Many scientists argue that important scientific advances are limited by the current diversity of data formats, management and access policies, tools for visualization and use, preservation strategies, and inability to easily extract needed subsets from enormous data collections. The DataSpace infrastructure will empower researchers to effectively utilize all relevant data sources.
Several years ago MIT led the effort to develop DSpace, which was designed to provide MIT faculty and researchers with stable, long-term storage for their digital research—mostly in the form of documents. That open source effort has been so successful it has been adopted globally by more than 500 academic and research organizations. DataSpace is the logical next step to address similar needs for scientific data.
At MIT we believe in openness though we realize in practice that there may be reasons to limit openness. DataSpace will incorporate a rule-based system whereby data can be made available to the extent its originators feel is acceptable: It can be as limited or as open as they want. It would also help define the quality of the data and how it was obtained so that people will know if they are comparing apples to apples.
How would DataSpace help its users understand the context in which the data was created?
A key aspect of DataSpace is the use of metadata—data about the data. So a key task is building up a context definition that gives us the ability to define exactly what we mean and then refine further. We think it is very important because even with scientific data, we tend to take a lot for granted, and when you take the data out of its context-whether that's out of an institution or project or to another country or another field-those assumptions can get lost or misunderstood.

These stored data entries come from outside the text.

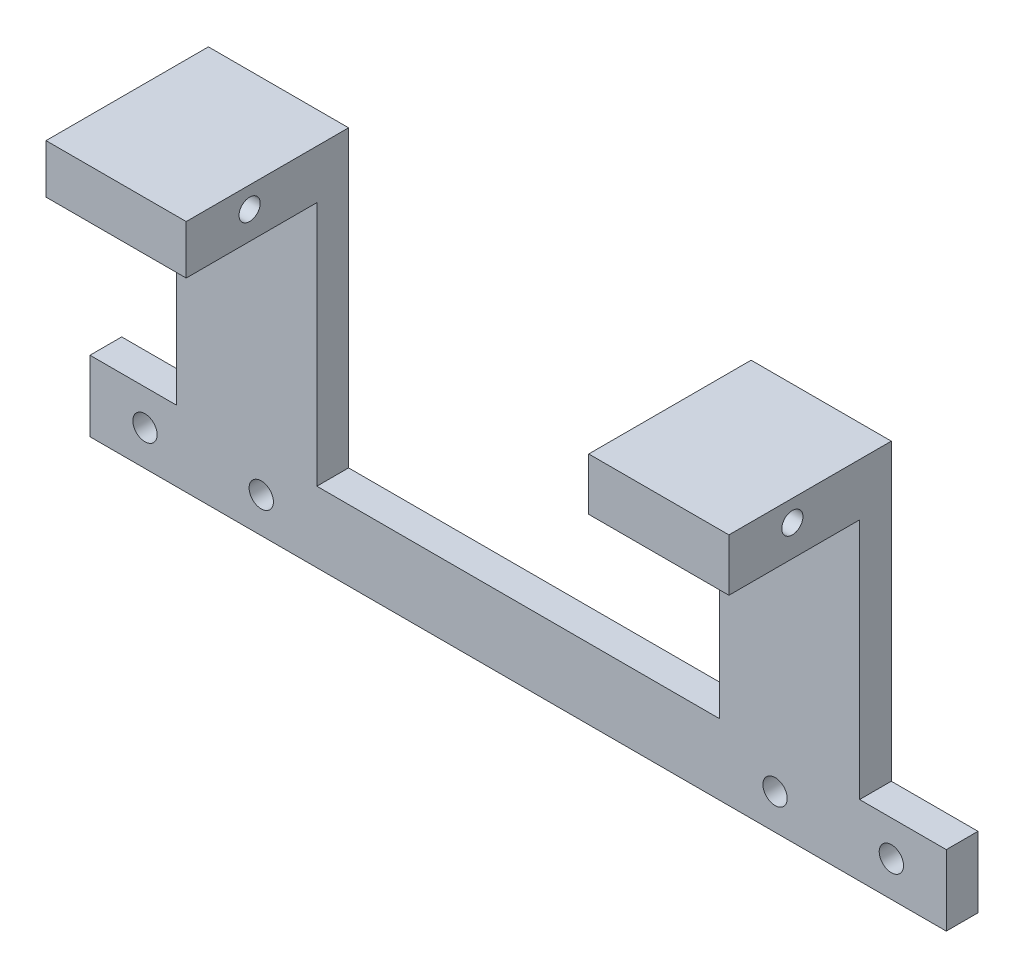
SolidWorks part; units mm, degrees
ref_plane "前视基准面" through (0, 0, 0) normal (0, 0, 1) x (1, 0, 0)
ref_plane "上视基准面" through (0, 0, 0) normal (0, 1, 0) x (1, 0, 0)
ref_plane "右视基准面" through (0, 0, 0) normal (1, 0, 0) x (0, 0, -1)
sketch "草图1" plane through (0, 0, 0) normal (0, 0, 1) x (1, 0, 0)
  line L0 (-32.3006, -10.4326) -> (-32.3006, 17.4274)
  line L1 (-32.3006, 17.4274) -> (-19.0406, 17.4274)
  line L2 (-19.0406, 17.4274) -> (-19.0406, -10.4326)
  line L3 (-19.0406, -10.4326) -> (19.0334, -10.4326)
  line L4 (19.0334, -10.4326) -> (19.0334, 17.4274)
  line L5 (19.0334, 17.4274) -> (32.2934, 17.4274)
  line L6 (32.2934, 17.4274) -> (32.2934, -10.4326)
  line L7 (32.2934, -10.4326) -> (40.4934, -10.4326)
  line L8 (40.4934, -10.4326) -> (40.4934, -17.1126)
  line L9 (40.4934, -17.1126) -> (-40.5006, -17.1126)
  line L10 (-40.5006, -17.1126) -> (-40.5006, -10.4326)
  line L11 (-40.5006, -10.4326) -> (-32.3006, -10.4326)
  line L12 (-35.3006, -13.7726) -> (-24.3006, -13.7726) construction
  line L13 (-24.3006, -13.7726) -> (24.2994, -13.7726) construction
  line L14 (24.2994, -13.7726) -> (35.2994, -13.7726) construction
  line L15 (35.2994, -13.7726) -> (35.2994, -10.4326) construction
  line L16 (35.2994, -13.7726) -> (35.2994, -17.1126) construction
  circle A4 centre (-35.3006, -13.7726) radius 1.15
  circle A5 centre (-24.3006, -13.7726) radius 1.15
  circle A6 centre (24.2994, -13.7726) radius 1.15
  circle A7 centre (35.2994, -13.7726) radius 1.15
  dimension "D1" = 48.6
  dimension "D2" = 11
  dimension "D3" = 38.074
  dimension "D6" = 27.86
  dimension "D7" = 8.2
  dimension "D8" = 6.68
extrude "凸台-拉伸1" add sketch "草图1" along normal blind 3
sketch "草图2" plane through (0, 0, 3) normal (0, 0, 1) x (1, 0, 0)
  line L0 (-19.0406, -10.4326) -> (-19.0406, 17.4274) construction
  line L1 (-32.3006, 17.4274) -> (-19.0406, 17.4274)
  line L2 (-32.3006, 17.4274) -> (-32.3006, 12.7974)
  line L3 (-32.3006, 12.7974) -> (-19.0406, 12.7974)
  line L4 (-19.0406, 17.4274) -> (-19.0406, 12.7974)
  line L5 (32.2934, -10.4326) -> (32.2934, 17.4274) construction
  line L6 (19.0334, 17.4274) -> (32.2934, 17.4274)
  line L7 (19.0334, 17.4274) -> (19.0334, 12.4795)
  line L8 (19.0334, 12.4795) -> (32.2934, 12.4795)
  line L9 (32.2934, 17.4274) -> (32.2934, 12.4795)
  dimension "D1" = 4.63
extrude "凸台-拉伸2" add sketch "草图2" along normal blind 12.36
sketch "草图3" plane through (-32.3006, 0, 0) normal (-1, 0, 0) x (0, 0, 1)
  line L0 (15.36, 15.4274) -> (9.36, 15.4274) construction
  line L1 (15.36, 17.4274) -> (15.36, 12.7974) construction
  line L2 (15.36, 17.4274) -> (0, 17.4274) construction
  circle A0 centre (9.36, 15.4274) radius 1
  dimension "D1" = 2
  dimension "D2" = 6
extrude "切除-拉伸1" cut sketch "草图3" against normal blind 100

So we have looked extensively at data semantics. For example, we have found that in geographic data, there are many different coordinate systems in use. Even the U.S. Army has two different coordinate systems in place, one used by the artillery command and the other by the missile command. As you might imagine, these issues can produce significant problems. There are many such issues, ranging from simple ones such as different measuring systems (e.g., meters vs. feet) to much more complex ones.
Are you going to focus initially on specific disciplines?
We're going to start with life sciences, specifically neuroscience, and energy/environmental sciences. In fact, we're looking at the diverse data used in the study of climate change. But one of the powerful things we anticipate will happen once we start with these specific disciplines is the ability to go across fields and put together connections that might not be obvious. DataSpace will bolster what Tim Berners-Lee, the "father of the Web," calls the serendipitous reuse of data—where a third party could see new value in existing data.
How is the National Science Foundation involved with DataSpace?
The DataSpace initiative is motivated by the National Science Foundation (NSF)'s Sustainable Digital Data Preservation and Access Network Partners (DataNet) initiative. NSF intends to fund five experiments, and we hope that DataSpace is one of them. A key issue for NSF, and something that is an important part of our proposal, is long-term sustainability: The infrastructure we'll develop will be deployable by any organization that manages data and will be scalable over time.
NSF's plan calls for three stages. The first five years will focus on building up the infrastructure and getting at least our two pilot domains well established. The next five years would be transitional, with NSF funding on a declining scale. After 10 years, the NSF would like to walk away from the project and assume that there will be enough people in the scientific community and beyond to support it.
What do you see as your biggest challenge?
There are many challenges, but implementation is a big one—even great ideas do not always work out. The good news is that we're not inventing anything for which there's no precedent, but a project of this scope, which combines all these ideas, has never been done before. We have faith that we can do it, but it's not a trivial thing.